Dataset entries:
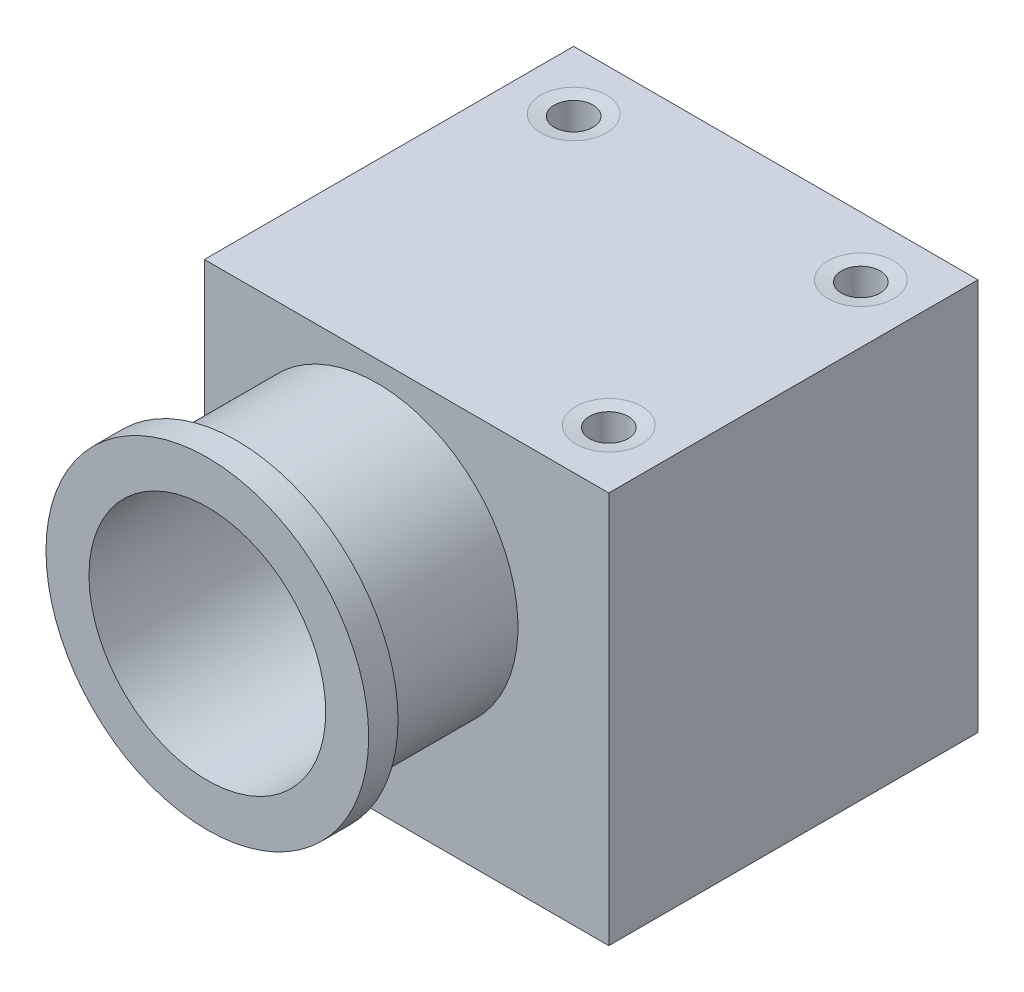
ISO-10303-21;
HEADER;
FILE_DESCRIPTION(('STEP AP214'),'2;1');
FILE_NAME('part.step','',(''),(''),'','','');
FILE_SCHEMA(('AUTOMOTIVE_DESIGN { 1 0 10303 214 1 1 1 1 }'));
ENDSEC;
DATA;
#1=APPLICATION_CONTEXT('core data for automotive mechanical design processes');
#2=APPLICATION_PROTOCOL_DEFINITION('international standard','automotive_design',2000,#1);
#3=PRODUCT_CONTEXT('',#1,'mechanical');
#4=PRODUCT('Part','Part','',(#3));
#5=PRODUCT_RELATED_PRODUCT_CATEGORY('part','',(#4));
#6=PRODUCT_DEFINITION_FORMATION('','',#4);
#7=PRODUCT_DEFINITION_CONTEXT('part definition',#1,'design');
#8=PRODUCT_DEFINITION('design','',#6,#7);
#9=PRODUCT_DEFINITION_SHAPE('','',#8);
#10=(LENGTH_UNIT() NAMED_UNIT(*) SI_UNIT(.MILLI.,.METRE.));
#11=(NAMED_UNIT(*) PLANE_ANGLE_UNIT() SI_UNIT($,.RADIAN.));
#12=(NAMED_UNIT(*) SI_UNIT($,.STERADIAN.) SOLID_ANGLE_UNIT());
#13=UNCERTAINTY_MEASURE_WITH_UNIT(LENGTH_MEASURE(1.E-05),#10,'distance_accuracy_value','');
#14=(GEOMETRIC_REPRESENTATION_CONTEXT(3) GLOBAL_UNCERTAINTY_ASSIGNED_CONTEXT((#13)) GLOBAL_UNIT_ASSIGNED_CONTEXT((#10,
#11,#12)) REPRESENTATION_CONTEXT('',''));
#15=CARTESIAN_POINT('',(0.,0.,0.));
#16=DIRECTION('',(0.,0.,1.));
#17=DIRECTION('',(1.,0.,0.));
#18=AXIS2_PLACEMENT_3D('',#15,#16,#17);
#19=CARTESIAN_POINT('',(-7.493,-8.49630000000001,-24.1554));
#20=DIRECTION('',(1.,0.,0.));
#21=DIRECTION('',(0.,0.,-1.));
#22=AXIS2_PLACEMENT_3D('',#19,#20,#21);
#23=PLANE('',#22);
#24=DIRECTION('',(0.,1.,0.));
#25=VECTOR('',#24,1.);
#26=CARTESIAN_POINT('',(-7.493,-8.49630000000001,-23.368));
#27=LINE('',#26,#25);
#28=CARTESIAN_POINT('',(-7.493,-8.49630000000001,-23.368));
#29=VERTEX_POINT('',#28);
#30=CARTESIAN_POINT('',(-7.493,8.49629999999999,-23.368));
#31=VERTEX_POINT('',#30);
#32=EDGE_CURVE('E125',#29,#31,#27,.T.);
#33=ORIENTED_EDGE('',*,*,#32,.F.);
#34=DIRECTION('',(0.,0.,1.));
#35=VECTOR('',#34,1.);
#36=CARTESIAN_POINT('',(-7.493,-8.49630000000001,-24.1554));
#37=LINE('',#36,#35);
#38=CARTESIAN_POINT('',(-7.493,-8.49630000000001,-7.366));
#39=VERTEX_POINT('',#38);
#40=EDGE_CURVE('E49',#29,#39,#37,.T.);
#41=ORIENTED_EDGE('',*,*,#40,.T.);
#42=DIRECTION('',(0.,-1.,0.));
#43=VECTOR('',#42,1.);
#44=CARTESIAN_POINT('',(-7.493,8.49629999999999,-7.366));
#45=LINE('',#44,#43);
#46=CARTESIAN_POINT('',(-7.493,8.49629999999999,-7.366));
#47=VERTEX_POINT('',#46);
#48=EDGE_CURVE('E89',#47,#39,#45,.T.);
#49=ORIENTED_EDGE('',*,*,#48,.F.);
#50=DIRECTION('',(0.,0.,1.));
#51=VECTOR('',#50,1.);
#52=CARTESIAN_POINT('',(-7.493,8.49629999999999,-24.1554));
#53=LINE('',#52,#51);
#54=EDGE_CURVE('E11',#31,#47,#53,.T.);
#55=ORIENTED_EDGE('',*,*,#54,.F.);
#56=EDGE_LOOP('',(#33,#41,#49,#55));
#57=FACE_BOUND('',#56,.T.);
#58=ADVANCED_FACE('F40',(#57),#23,.F.);
#59=CARTESIAN_POINT('',(-7.493,8.49629999999999,-24.1554));
#60=DIRECTION('',(0.,-1.,0.));
#61=DIRECTION('',(0.,0.,-1.));
#62=AXIS2_PLACEMENT_3D('',#59,#60,#61);
#63=PLANE('',#62);
#64=CARTESIAN_POINT('',(7.493,8.49629999999999,-9.906));
#65=DIRECTION('',(0.,1.,0.));
#66=DIRECTION('',(0.,0.,1.));
#67=AXIS2_PLACEMENT_3D('',#64,#65,#66);
#68=CIRCLE('',#67,1.4224);
#69=CARTESIAN_POINT('',(7.493,8.49629999999999,-8.4836));
#70=VERTEX_POINT('',#69);
#71=EDGE_CURVE('E201',#70,#70,#68,.T.);
#72=ORIENTED_EDGE('',*,*,#71,.F.);
#73=EDGE_LOOP('',(#72));
#74=FACE_BOUND('',#73,.T.);
#75=CARTESIAN_POINT('',(7.493,8.49629999999999,-20.828));
#76=DIRECTION('',(0.,1.,0.));
#77=DIRECTION('',(0.,0.,1.));
#78=AXIS2_PLACEMENT_3D('',#75,#76,#77);
#79=CIRCLE('',#78,1.4224);
#80=CARTESIAN_POINT('',(7.493,8.49629999999999,-19.4056));
#81=VERTEX_POINT('',#80);
#82=EDGE_CURVE('E190',#81,#81,#79,.T.);
#83=ORIENTED_EDGE('',*,*,#82,.F.);
#84=EDGE_LOOP('',(#83));
#85=FACE_BOUND('',#84,.T.);
#86=CARTESIAN_POINT('',(-4.953,8.49629999999999,-20.828));
#87=DIRECTION('',(0.,1.,0.));
#88=DIRECTION('',(0.,0.,1.));
#89=AXIS2_PLACEMENT_3D('',#86,#87,#88);
#90=CIRCLE('',#89,1.4224);
#91=CARTESIAN_POINT('',(-4.953,8.49629999999999,-19.4056));
#92=VERTEX_POINT('',#91);
#93=EDGE_CURVE('E118',#92,#92,#90,.T.);
#94=ORIENTED_EDGE('',*,*,#93,.F.);
#95=EDGE_LOOP('',(#94));
#96=FACE_BOUND('',#95,.T.);
#97=DIRECTION('',(1.,0.,0.));
#98=VECTOR('',#97,1.);
#99=CARTESIAN_POINT('',(-7.493,8.49629999999999,-23.368));
#100=LINE('',#99,#98);
#101=CARTESIAN_POINT('',(10.033,8.49629999999999,-23.368));
#102=VERTEX_POINT('',#101);
#103=EDGE_CURVE('E128',#31,#102,#100,.T.);
#104=ORIENTED_EDGE('',*,*,#103,.F.);
#105=ORIENTED_EDGE('',*,*,#54,.T.);
#106=DIRECTION('',(-1.,0.,0.));
#107=VECTOR('',#106,1.);
#108=CARTESIAN_POINT('',(-7.493,8.49629999999999,-7.366));
#109=LINE('',#108,#107);
#110=CARTESIAN_POINT('',(10.033,8.49629999999999,-7.366));
#111=VERTEX_POINT('',#110);
#112=EDGE_CURVE('E92',#111,#47,#109,.T.);
#113=ORIENTED_EDGE('',*,*,#112,.F.);
#114=DIRECTION('',(0.,0.,1.));
#115=VECTOR('',#114,1.);
#116=CARTESIAN_POINT('',(10.033,8.49629999999999,-7.366));
#117=LINE('',#116,#115);
#118=EDGE_CURVE('E107',#102,#111,#117,.T.);
#119=ORIENTED_EDGE('',*,*,#118,.F.);
#120=EDGE_LOOP('',(#104,#105,#113,#119));
#121=FACE_BOUND('',#120,.T.);
#122=ADVANCED_FACE('F210',(#74,#85,#96,#121),#63,.F.);
#123=CARTESIAN_POINT('',(-7.493,-8.49630000000001,-24.1554));
#124=DIRECTION('',(0.,-1.,0.));
#125=DIRECTION('',(0.,0.,-1.));
#126=AXIS2_PLACEMENT_3D('',#123,#124,#125);
#127=PLANE('',#126);
#128=CARTESIAN_POINT('',(7.493,-8.49630000000001,-9.906));
#129=DIRECTION('',(0.,-1.,0.));
#130=DIRECTION('',(0.,0.,-1.));
#131=AXIS2_PLACEMENT_3D('',#128,#129,#130);
#132=CIRCLE('',#131,0.838200000000001);
#133=CARTESIAN_POINT('',(7.493,-8.49630000000001,-10.7442));
#134=VERTEX_POINT('',#133);
#135=EDGE_CURVE('E180',#134,#134,#132,.T.);
#136=ORIENTED_EDGE('',*,*,#135,.F.);
#137=EDGE_LOOP('',(#136));
#138=FACE_BOUND('',#137,.T.);
#139=CARTESIAN_POINT('',(7.493,-8.49630000000001,-20.828));
#140=DIRECTION('',(0.,-1.,0.));
#141=DIRECTION('',(0.,0.,-1.));
#142=AXIS2_PLACEMENT_3D('',#139,#140,#141);
#143=CIRCLE('',#142,0.838200000000001);
#144=CARTESIAN_POINT('',(7.493,-8.49630000000001,-21.6662));
#145=VERTEX_POINT('',#144);
#146=EDGE_CURVE('E115',#145,#145,#143,.T.);
#147=ORIENTED_EDGE('',*,*,#146,.F.);
#148=EDGE_LOOP('',(#147));
#149=FACE_BOUND('',#148,.T.);
#150=CARTESIAN_POINT('',(-4.953,-8.49630000000001,-20.828));
#151=DIRECTION('',(0.,-1.,0.));
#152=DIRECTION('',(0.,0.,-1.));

WHAT YOU HAVE TO DO |
Write out exactly the lines that fall from the line with "#5=PRODUCT_RELATED_PRODUCT_CATEGORY('part','',(#4));" to the line with "#12=(NAMED_UNIT(*) SI_UNIT($,.STERADIAN.) SOLID_ANGLE_UNIT());" in the records above, keeping both ends.

FINISHED TASK |
#5=PRODUCT_RELATED_PRODUCT_CATEGORY('part','',(#4));
#6=PRODUCT_DEFINITION_FORMATION('','',#4);
#7=PRODUCT_DEFINITION_CONTEXT('part definition',#1,'design');
#8=PRODUCT_DEFINITION('design','',#6,#7);
#9=PRODUCT_DEFINITION_SHAPE('','',#8);
#10=(LENGTH_UNIT() NAMED_UNIT(*) SI_UNIT(.MILLI.,.METRE.));
#11=(NAMED_UNIT(*) PLANE_ANGLE_UNIT() SI_UNIT($,.RADIAN.));
#12=(NAMED_UNIT(*) SI_UNIT($,.STERADIAN.) SOLID_ANGLE_UNIT());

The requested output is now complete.